• [Data for this task]
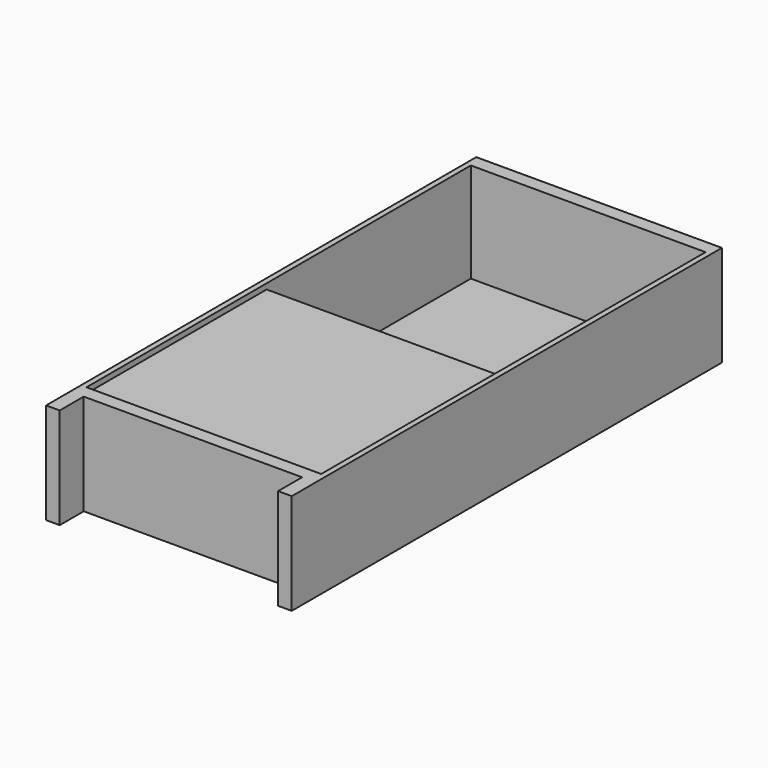
from build123d import *

# Parameters (mm, degrees)
F1_DEPTH = 370
F0_W     = 860
F0_H     = 825
F0_H_2   = 935
F2_DEPTH = 5
F4_DEPTH = 350


with BuildPart() as f1:
    # F0 (on Top) → F1 (new body)
    with BuildSketch(Plane.XY):
        Polygon((450, 985), (-450, 985), (-450, -985), (-400, -985), (-400, -875), (400, -875), (400, -985), (450, -985), align=None)
        Polygon((430, -825), (-430, -825), (-430, 0), (-430, 935), (430, 935), (430, 0), align=None, mode=Mode.SUBTRACT)
    extrude(amount=F1_DEPTH)

    # F0 (on Top) → F2 (join)
    with BuildSketch(Plane.XY):
        with Locations((0, -412.5)):
            Rectangle(F0_W, F0_H)
        with Locations((0, 467.5)):
            Rectangle(F0_W, F0_H_2)
    extrude(amount=F2_DEPTH)


with BuildPart() as f3_1:
    # F3: copy of F1
    add(f1.part)


with BuildPart() as f1_1:
    add(f1.part)

    # F0 (on Top) → F4 (join)
    with BuildSketch(Plane.XY):
        with Locations((0, -412.5)):
            Rectangle(F0_W, F0_H)
    extrude(amount=F4_DEPTH)


solid = Compound([f3_1.part, f1_1.part])

• [Task details] Please give the data above again in exact form and omit every picture.

• [Task output]
from build123d import *

# Parameters (mm, degrees)
F1_DEPTH = 370
F0_W     = 860
F0_H     = 825
F0_H_2   = 935
F2_DEPTH = 5
F4_DEPTH = 350


with BuildPart() as f1:
    # F0 (on Top) → F1 (new body)
    with BuildSketch(Plane.XY):
        Polygon((450, 985), (-450, 985), (-450, -985), (-400, -985), (-400, -875), (400, -875), (400, -985), (450, -985), align=None)
        Polygon((430, -825), (-430, -825), (-430, 0), (-430, 935), (430, 935), (430, 0), align=None, mode=Mode.SUBTRACT)
    extrude(amount=F1_DEPTH)

    # F0 (on Top) → F2 (join)
    with BuildSketch(Plane.XY):
        with Locations((0, -412.5)):
            Rectangle(F0_W, F0_H)
        with Locations((0, 467.5)):
            Rectangle(F0_W, F0_H_2)
    extrude(amount=F2_DEPTH)


with BuildPart() as f3_1:
    # F3: copy of F1
    add(f1.part)


with BuildPart() as f1_1:
    add(f1.part)

    # F0 (on Top) → F4 (join)
    with BuildSketch(Plane.XY):
        with Locations((0, -412.5)):
            Rectangle(F0_W, F0_H)
    extrude(amount=F4_DEPTH)


solid = Compound([f3_1.part, f1_1.part])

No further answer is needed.